We use LHD predominantly in the UK. 

Make sure the right side mirror is well adjusted. We also have an additional blind spot mirror You soon get used to it and within a couple of weeks, find its no problem. The only time I struggle is pulling up to a giveway or roundabout that is steeply angled off to the left. Visibility to the right can be obscured by the right hand wall of the van. You tend to adapt your road position to aid Visibility, stopping slightly straighter to giveways roundabouts etc.. 

I would not think twice about LHD. Cost and condition of the van would be more important to me.


----------



## thegamwellsmythes (Jul 29, 2008)

I would have thought it would always put some people off but as others have said if you want it to use on the continent it would be of benefit.

Not sure if I would have bought a LHD vehicle. It would depend on the price I suppose.


----------



## Addie (Aug 5, 2008)

Left Hand Drive vehicles in the UK usually fall into two categories:

1.) Vehicles priced fairly to take into consideration their relatively limited appeal to the majority of UK buyers, only really to those who spend a lot of time abroad.

2.) Vehicles overpriced hoping that someone will be willing to pay a premium to save time and money importing one themselves from Europe.

As a rule of thumb, I would only consider a LHD in the UK if it was cheaper then what I could buy and import one myself from Germany. Check out mobile.de (Germany Autotrader).


----------



## clive1821 (Mar 27, 2010)

I've had both LHD and RHD and have had no difficialty in selling on.... and find it no issue which I drive, just using common sence while driving......


----------



## aultymer (Jun 20, 2006)

I have tried both and found both had/have blindspots in UK and Mainland.
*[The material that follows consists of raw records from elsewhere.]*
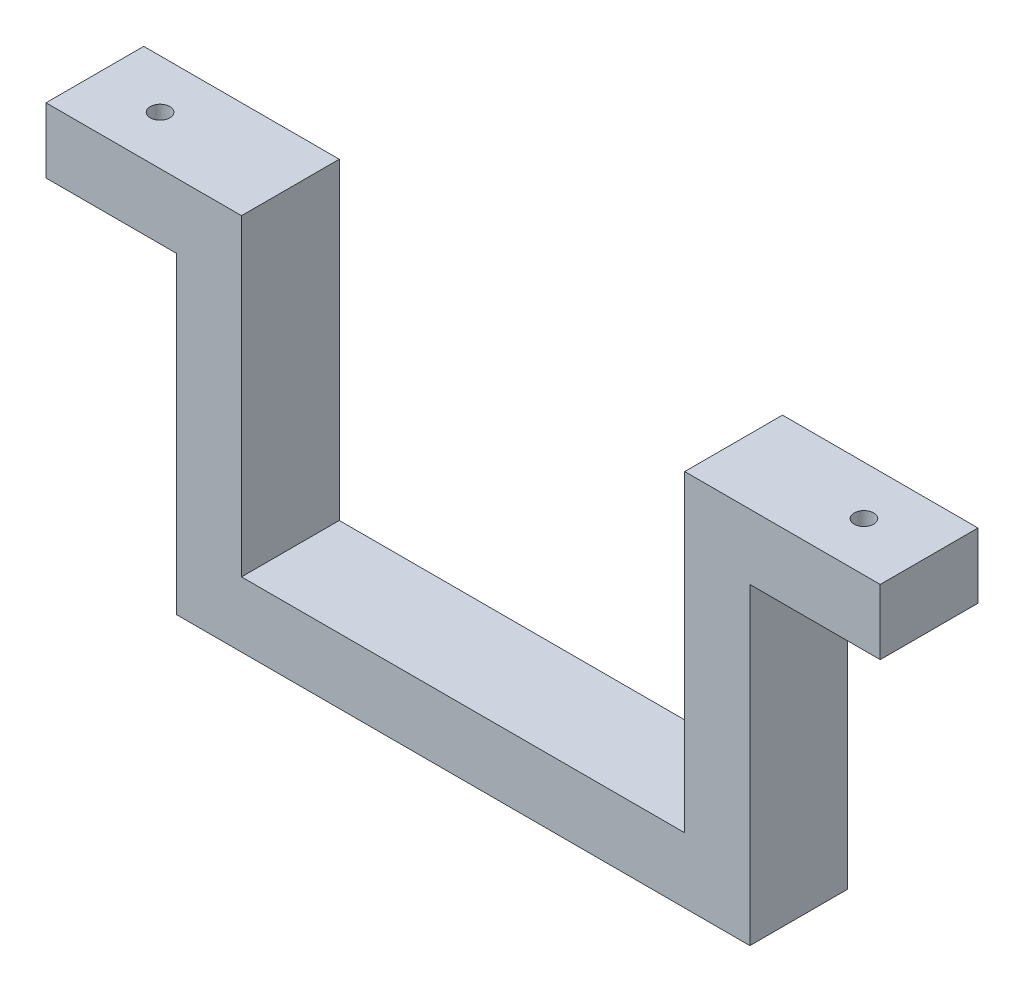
from build123d import *

# Parameters (mm, degrees)
BOSS_EXTRU_1_DEPTH      = 15
ESQUISSE2_R             = 1.5
ENL_V_MAT_EXTRU_1_DEPTH = 120.13437791
CHANFREIN1_SIZE         = 3
ESQUISSE3_R             = 1.5
ENL_V_MAT_EXTRU_2_DEPTH = 120.13437791
CHANFREIN2_SIZE         = 3


with BuildPart() as part:
    # Esquisse1 → Boss.-Extru.1 (new body)
    with BuildSketch(Plane.XY):
        Polygon((0, 0), (88, 0), (88, 48), (108, 48), (108, 58), (78, 58), (78, 10), (10, 10), (10, 58), (-20, 58), (-20, 48), (0, 48), align=None)
    extrude(amount=BOSS_EXTRU_1_DEPTH)

    # Esquisse2 → Enl_v. mat.-Extru.1 (cut, through all)
    with BuildSketch(Plane.XZ.offset(-48)):
        with Locations(Location((98, 7.5, 0), (0, 0, 270))):
            Circle(ESQUISSE2_R)
    extrude(amount=-ENL_V_MAT_EXTRU_1_DEPTH, mode=Mode.SUBTRACT)

    # Chanfrein1
    chanfrein1_edges = [part.edges().sort_by_distance(p)[0] for p in [
        (98, 48, 9),
    ]]
    chamfer(chanfrein1_edges, length=CHANFREIN1_SIZE)

    # Esquisse3 → Enl_v. mat.-Extru.2 (cut, through all)
    with BuildSketch(Plane.XZ.offset(-48)):
        with Locations(Location((-10, 7.5, 0), (0, 0, 270))):
            Circle(ESQUISSE3_R)
    extrude(amount=-ENL_V_MAT_EXTRU_2_DEPTH, mode=Mode.SUBTRACT)

    # Chanfrein2
    chanfrein2_edges = [part.edges().sort_by_distance(p)[0] for p in [
        (-10, 48, 9),
    ]]
    chamfer(chanfrein2_edges, length=CHANFREIN2_SIZE)


solid = part.part
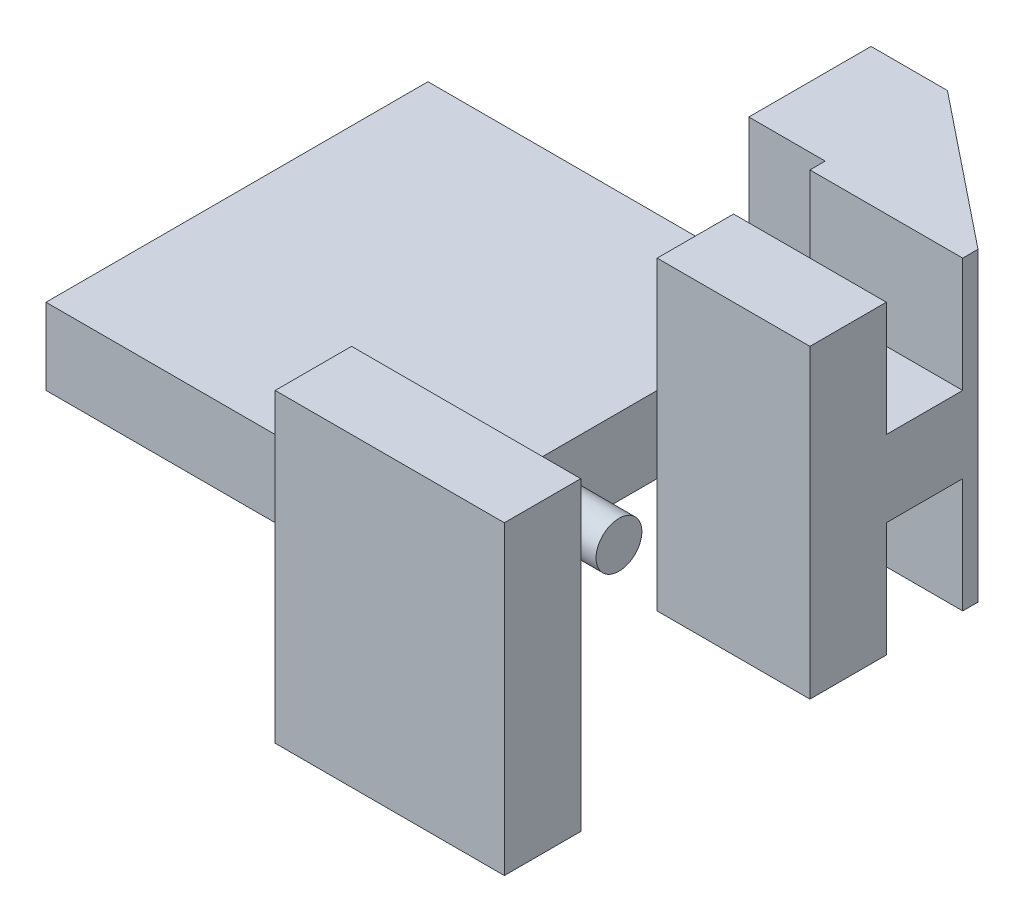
ISO-10303-21;
HEADER;
FILE_DESCRIPTION(('STEP AP214'),'2;1');
FILE_NAME('part.step','',(''),(''),'','','');
FILE_SCHEMA(('AUTOMOTIVE_DESIGN { 1 0 10303 214 1 1 1 1 }'));
ENDSEC;
DATA;
#1=APPLICATION_CONTEXT('core data for automotive mechanical design processes');
#2=APPLICATION_PROTOCOL_DEFINITION('international standard','automotive_design',2000,#1);
#3=PRODUCT_CONTEXT('',#1,'mechanical');
#4=PRODUCT('Part','Part','',(#3));
#5=PRODUCT_RELATED_PRODUCT_CATEGORY('part','',(#4));
#6=PRODUCT_DEFINITION_FORMATION('','',#4);
#7=PRODUCT_DEFINITION_CONTEXT('part definition',#1,'design');
#8=PRODUCT_DEFINITION('design','',#6,#7);
#9=PRODUCT_DEFINITION_SHAPE('','',#8);
#10=(LENGTH_UNIT() NAMED_UNIT(*) SI_UNIT(.MILLI.,.METRE.));
#11=(NAMED_UNIT(*) PLANE_ANGLE_UNIT() SI_UNIT($,.RADIAN.));
#12=(NAMED_UNIT(*) SI_UNIT($,.STERADIAN.) SOLID_ANGLE_UNIT());
#13=UNCERTAINTY_MEASURE_WITH_UNIT(LENGTH_MEASURE(1.E-05),#10,'distance_accuracy_value','');
#14=(GEOMETRIC_REPRESENTATION_CONTEXT(3) GLOBAL_UNCERTAINTY_ASSIGNED_CONTEXT((#13)) GLOBAL_UNIT_ASSIGNED_CONTEXT((#10,
#11,#12)) REPRESENTATION_CONTEXT('',''));
#15=CARTESIAN_POINT('',(0.,0.,0.));
#16=DIRECTION('',(0.,0.,1.));
#17=DIRECTION('',(1.,0.,0.));
#18=AXIS2_PLACEMENT_3D('',#15,#16,#17);
#19=CARTESIAN_POINT('',(0.,-10.,0.));
#20=DIRECTION('',(0.,1.,0.));
#21=DIRECTION('',(0.,0.,1.));
#22=AXIS2_PLACEMENT_3D('',#19,#20,#21);
#23=PLANE('',#22);
#24=DIRECTION('',(0.,0.,-1.));
#25=VECTOR('',#24,1.);
#26=CARTESIAN_POINT('',(10.,-10.,-18.5));
#27=LINE('',#26,#25);
#28=CARTESIAN_POINT('',(10.,-10.,-17.5));
#29=VERTEX_POINT('',#28);
#30=CARTESIAN_POINT('',(10.,-10.,-18.5));
#31=VERTEX_POINT('',#30);
#32=EDGE_CURVE('E283',#29,#31,#27,.T.);
#33=ORIENTED_EDGE('',*,*,#32,.F.);
#34=DIRECTION('',(-1.,0.,0.));
#35=VECTOR('',#34,1.);
#36=CARTESIAN_POINT('',(10.,-10.,-17.5));
#37=LINE('',#36,#35);
#38=CARTESIAN_POINT('',(0.,-10.,-17.5));
#39=VERTEX_POINT('',#38);
#40=EDGE_CURVE('E528',#29,#39,#37,.T.);
#41=ORIENTED_EDGE('',*,*,#40,.T.);
#42=DIRECTION('',(0.,0.,-1.));
#43=VECTOR('',#42,1.);
#44=CARTESIAN_POINT('',(0.,-10.,0.));
#45=LINE('',#44,#43);
#46=CARTESIAN_POINT('',(0.,-10.,-18.5));
#47=VERTEX_POINT('',#46);
#48=EDGE_CURVE('E363',#39,#47,#45,.T.);
#49=ORIENTED_EDGE('',*,*,#48,.T.);
#50=DIRECTION('',(1.,0.,0.));
#51=VECTOR('',#50,1.);
#52=CARTESIAN_POINT('',(0.,-10.,-18.5));
#53=LINE('',#52,#51);
#54=CARTESIAN_POINT('',(-5.,-10.,-18.5));
#55=VERTEX_POINT('',#54);
#56=EDGE_CURVE('E368',#55,#47,#53,.T.);
#57=ORIENTED_EDGE('',*,*,#56,.F.);
#58=DIRECTION('',(0.,0.,1.));
#59=VECTOR('',#58,1.);
#60=CARTESIAN_POINT('',(-5.,-10.,-26.5));
#61=LINE('',#60,#59);
#62=CARTESIAN_POINT('',(-5.,-10.,-26.5));
#63=VERTEX_POINT('',#62);
#64=EDGE_CURVE('E295',#63,#55,#61,.T.);
#65=ORIENTED_EDGE('',*,*,#64,.F.);
#66=DIRECTION('',(-1.,0.,0.));
#67=VECTOR('',#66,1.);
#68=CARTESIAN_POINT('',(-5.,-10.,-26.5));
#69=LINE('',#68,#67);
#70=CARTESIAN_POINT('',(0.,-10.,-26.5));
#71=VERTEX_POINT('',#70);
#72=EDGE_CURVE('E292',#71,#63,#69,.T.);
#73=ORIENTED_EDGE('',*,*,#72,.F.);
#74=DIRECTION('',(-0.78086880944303,0.,-0.624695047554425));
#75=VECTOR('',#74,1.);
#76=CARTESIAN_POINT('',(0.,-10.,-26.5));
#77=LINE('',#76,#75);
#78=EDGE_CURVE('E289',#31,#71,#77,.T.);
#79=ORIENTED_EDGE('',*,*,#78,.F.);
#80=EDGE_LOOP('',(#33,#41,#49,#57,#65,#73,#79));
#81=FACE_BOUND('',#80,.T.);
#82=ADVANCED_FACE('F39',(#81),#23,.F.);
#83=CARTESIAN_POINT('',(0.,10.,0.));
#84=DIRECTION('',(0.,1.,0.));
#85=DIRECTION('',(0.,0.,1.));
#86=AXIS2_PLACEMENT_3D('',#83,#84,#85);
#87=PLANE('',#86);
#88=DIRECTION('',(-1.,0.,0.));
#89=VECTOR('',#88,1.);
#90=CARTESIAN_POINT('',(10.,10.,-12.5));
#91=LINE('',#90,#89);
#92=CARTESIAN_POINT('',(10.,10.,-12.5));
#93=VERTEX_POINT('',#92);
#94=CARTESIAN_POINT('',(0.,10.,-12.5));
#95=VERTEX_POINT('',#94);
#96=EDGE_CURVE('E221',#93,#95,#91,.T.);
#97=ORIENTED_EDGE('',*,*,#96,.T.);
#98=DIRECTION('',(0.,0.,-1.));
#99=VECTOR('',#98,1.);
#100=CARTESIAN_POINT('',(0.,10.,0.));
#101=LINE('',#100,#99);
#102=CARTESIAN_POINT('',(0.,10.,-7.5));
#103=VERTEX_POINT('',#102);
#104=EDGE_CURVE('E48',#103,#95,#101,.T.);
#105=ORIENTED_EDGE('',*,*,#104,.F.);
#106=DIRECTION('',(1.,0.,0.));
#107=VECTOR('',#106,1.);
#108=CARTESIAN_POINT('',(10.,10.,-7.5));
#109=LINE('',#108,#107);
#110=CARTESIAN_POINT('',(10.,10.,-7.5));
#111=VERTEX_POINT('',#110);
#112=EDGE_CURVE('E248',#103,#111,#109,.T.);
#113=ORIENTED_EDGE('',*,*,#112,.T.);
#114=DIRECTION('',(0.,0.,-1.));
#115=VECTOR('',#114,1.);
#116=CARTESIAN_POINT('',(10.,10.,-18.5));
#117=LINE('',#116,#115);
#118=EDGE_CURVE('E239',#111,#93,#117,.T.);
#119=ORIENTED_EDGE('',*,*,#118,.T.);
#120=EDGE_LOOP('',(#97,#105,#113,#119));
#121=FACE_BOUND('',#120,.T.);
#122=ADVANCED_FACE('F246',(#121),#87,.T.);
#123=CARTESIAN_POINT('',(0.,0.,0.));
#124=DIRECTION('',(1.,0.,0.));
#125=DIRECTION('',(0.,0.,-1.));
#126=AXIS2_PLACEMENT_3D('',#123,#124,#125);
#127=PLANE('',#126);
#128=ORIENTED_EDGE('',*,*,#48,.F.);
#129=DIRECTION('',(0.,-1.,0.));
#130=VECTOR('',#129,1.);
#131=CARTESIAN_POINT('',(0.,-10.,-17.5));
#132=LINE('',#131,#130);
#133=CARTESIAN_POINT('',(0.,-2.5,-17.5));
#134=VERTEX_POINT('',#133);
#135=EDGE_CURVE('E606',#134,#39,#132,.T.);
#136=ORIENTED_EDGE('',*,*,#135,.F.);
#137=DIRECTION('',(0.,0.,1.));
#138=VECTOR('',#137,1.);
#139=CARTESIAN_POINT('',(0.,-2.5,0.));
#140=LINE('',#139,#138);
#141=CARTESIAN_POINT('',(0.,-2.5,-18.5));
#142=VERTEX_POINT('',#141);
#143=EDGE_CURVE('E535',#142,#134,#140,.T.);
#144=ORIENTED_EDGE('',*,*,#143,.F.);
#145=DIRECTION('',(0.,-1.,0.));
#146=VECTOR('',#145,1.);
#147=CARTESIAN_POINT('',(0.,0.,-18.5));
#148=LINE('',#147,#146);
#149=EDGE_CURVE('E533',#142,#47,#148,.T.);
#150=ORIENTED_EDGE('',*,*,#149,.T.);
#151=EDGE_LOOP('',(#128,#136,#144,#150));
#152=FACE_BOUND('',#151,.T.);
#153=ADVANCED_FACE('F466',(#152),#127,.F.);
#154=CARTESIAN_POINT('',(0.,0.,0.));
#155=DIRECTION('',(1.,0.,0.));
#156=DIRECTION('',(0.,0.,-1.));
#157=AXIS2_PLACEMENT_3D('',#154,#155,#156);
#158=PLANE('',#157);
#159=ORIENTED_EDGE('',*,*,#104,.T.);
#160=DIRECTION('',(0.,1.,0.));
#161=VECTOR('',#160,1.);
#162=CARTESIAN_POINT('',(0.,2.5,-12.5));
#163=LINE('',#162,#161);
#164=CARTESIAN_POINT('',(0.,2.5,-12.5));
#165=VERTEX_POINT('',#164);
#166=EDGE_CURVE('E227',#165,#95,#163,.T.);
#167=ORIENTED_EDGE('',*,*,#166,.F.);
#168=DIRECTION('',(0.,0.,-1.));
#169=VECTOR('',#168,1.);
#170=CARTESIAN_POINT('',(0.,2.5,0.));
#171=LINE('',#170,#169);
#172=CARTESIAN_POINT('',(0.,2.5,-7.5));
#173=VERTEX_POINT('',#172);
#174=EDGE_CURVE('E559',#173,#165,#171,.T.);
#175=ORIENTED_EDGE('',*,*,#174,.F.);
#176=DIRECTION('',(0.,-1.,0.));
#177=VECTOR('',#176,1.);
#178=CARTESIAN_POINT('',(0.,10.,-7.5));
#179=LINE('',#178,#177);
#180=EDGE_CURVE('E359',#103,#173,#179,.T.);
#181=ORIENTED_EDGE('',*,*,#180,.F.);
#182=EDGE_LOOP('',(#159,#167,#175,#181));
#183=FACE_BOUND('',#182,.T.);
#184=ADVANCED_FACE('F577',(#183),#158,.F.);
#185=CARTESIAN_POINT('',(-5.,10.,-26.5));
#186=DIRECTION('',(1.,0.,0.));
#187=DIRECTION('',(0.,0.,-1.));
#188=AXIS2_PLACEMENT_3D('',#185,#186,#187);
#189=PLANE('',#188);
#190=DIRECTION('',(0.,-1.,0.));
#191=VECTOR('',#190,1.);
#192=CARTESIAN_POINT('',(-5.,10.,-17.5));
#193=LINE('',#192,#191);
#194=CARTESIAN_POINT('',(-5.,2.5,-17.5));
#195=VERTEX_POINT('',#194);
#196=CARTESIAN_POINT('',(-5.,-2.5,-17.5));
#197=VERTEX_POINT('',#196);
#198=EDGE_CURVE('E339',#195,#197,#193,.T.);
#199=ORIENTED_EDGE('',*,*,#198,.F.);
#200=DIRECTION('',(0.,0.,-1.));
#201=VECTOR('',#200,1.);
#202=CARTESIAN_POINT('',(-5.,2.5,-26.5));
#203=LINE('',#202,#201);
#204=CARTESIAN_POINT('',(-5.,2.5,-18.5));
#205=VERTEX_POINT('',#204);
#206=EDGE_CURVE('E284',#195,#205,#203,.T.);
#207=ORIENTED_EDGE('',*,*,#206,.T.);
#208=DIRECTION('',(0.,1.,0.));
#209=VECTOR('',#208,1.);
#210=CARTESIAN_POINT('',(-5.,10.,-18.5));
#211=LINE('',#210,#209);
#212=CARTESIAN_POINT('',(-5.,10.,-18.5));
#213=VERTEX_POINT('',#212);
#214=EDGE_CURVE('E406',#205,#213,#211,.T.);
#215=ORIENTED_EDGE('',*,*,#214,.T.);
#216=DIRECTION('',(0.,0.,1.));
#217=VECTOR('',#216,1.);
#218=CARTESIAN_POINT('',(-5.,10.,-26.5));
#219=LINE('',#218,#217);
#220=CARTESIAN_POINT('',(-5.,10.,-26.5));
#221=VERTEX_POINT('',#220);
#222=EDGE_CURVE('E263',#221,#213,#219,.T.);
#223=ORIENTED_EDGE('',*,*,#222,.F.);
#224=DIRECTION('',(0.,-1.,0.));
#225=VECTOR('',#224,1.);
#226=CARTESIAN_POINT('',(-5.,10.,-26.5));
#227=LINE('',#226,#225);
#228=EDGE_CURVE('E343',#221,#63,#227,.T.);
#229=ORIENTED_EDGE('',*,*,#228,.T.);
#230=ORIENTED_EDGE('',*,*,#64,.T.);
#231=DIRECTION('',(0.,-1.,0.));
#232=VECTOR('',#231,1.);
#233=CARTESIAN_POINT('',(-5.,10.,-18.5));
#234=LINE('',#233,#232);
#235=CARTESIAN_POINT('',(-5.,-2.5,-18.5));
#236=VERTEX_POINT('',#235);
#237=EDGE_CURVE('E409',#236,#55,#234,.T.);
#238=ORIENTED_EDGE('',*,*,#237,.F.);
#239=DIRECTION('',(0.,0.,1.));
#240=VECTOR('',#239,1.);
#241=CARTESIAN_POINT('',(-5.,-2.5,-26.5));
#242=LINE('',#241,#240);
#243=EDGE_CURVE('E414',#236,#197,#242,.T.);
#244=ORIENTED_EDGE('',*,*,#243,.T.);
#245=EDGE_LOOP('',(#199,#207,#215,#223,#229,#230,#238,#244));
#246=FACE_BOUND('',#245,.T.);
#247=ADVANCED_FACE('F403',(#246),#189,.F.);
#248=DIRECTION('',(-1.,0.,0.));
#249=VECTOR('',#248,1.);
#250=CARTESIAN_POINT('',(10.,10.,7.5));
#251=LINE('',#250,#249);
#252=CARTESIAN_POINT('',(10.,10.,7.5));
#253=VERTEX_POINT('',#252);
#254=CARTESIAN_POINT('',(-5.,10.,7.5));
#255=VERTEX_POINT('',#254);
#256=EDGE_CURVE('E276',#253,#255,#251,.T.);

Resale was not a problem and I would have had another if the spec we wanted had been available when we wanted it.
I spent the first few days too far out on UK roads but did adapt.


----------



## gaspode (May 9, 2005)

In the past we've sold two LHD vans privately in the UK without any problem at all. We did sell at competitive prices but having said that, we still achieved a price that we were very happy with.

Personally I spend more time in Europe than UK so LHD is an advantage, many others are in a similar position.

If it's a good buy then don't hesitate because of LHD issues.


----------



## Mrplodd (Mar 4, 2008)

LHD usually attracts a slightly higher insurance premium for some reason. But in the overall running costs its a very small amount  

If you have never driven a LHD before it takes a while to stop trying to change gear with the window winder handle :lol: :lol: !!! 

(its where the gear lever "should" be as far as your brain is concerned  )


----------



## JeanLuc (Jan 13, 2007)

No insurance issues with ours (Comfort). I prefer LHD because it makes continental touring easy. No problems driving in the UK - in fact we set out to find a LHD vehicle. Another advantage with a Hymer A-class is that the driver's door (if fitted) is on the correct side, and the driver has a bit more room because s/he is not sitting next to the gas locker which intrudes slightly into the cab space on the right hand side.


----------



## cheshiregordon (Sep 24, 2011)

I bought a lhd drive Hymer in November last year. While not my first motorhome it was my first LHD vehicle.
I've driven all over europe both on business and pleasure in both RHD and hire LHD without issue except the odd speeding ticket.
However its the first time I've driven a LHD car in the UK and I must say it takes some getting to grips with. Initially I lost a side mirror not sure if it was me just being disorientated or the extra width.
However all is ok now and I'm happy driving it in the UK (only my wife is still a little scarred and hasn't driven it yet)
Looking forward to touring down to Croatia later in the year.


----------



## AndrewandShirley (Oct 13, 2007)

All our m/h have been LHD.

In the Uk having installed additional "tractor mirrors" there are now no blind spots. The huge advantage is that when on country road I can get very close into walls, hedges etc without having to reply on my wife.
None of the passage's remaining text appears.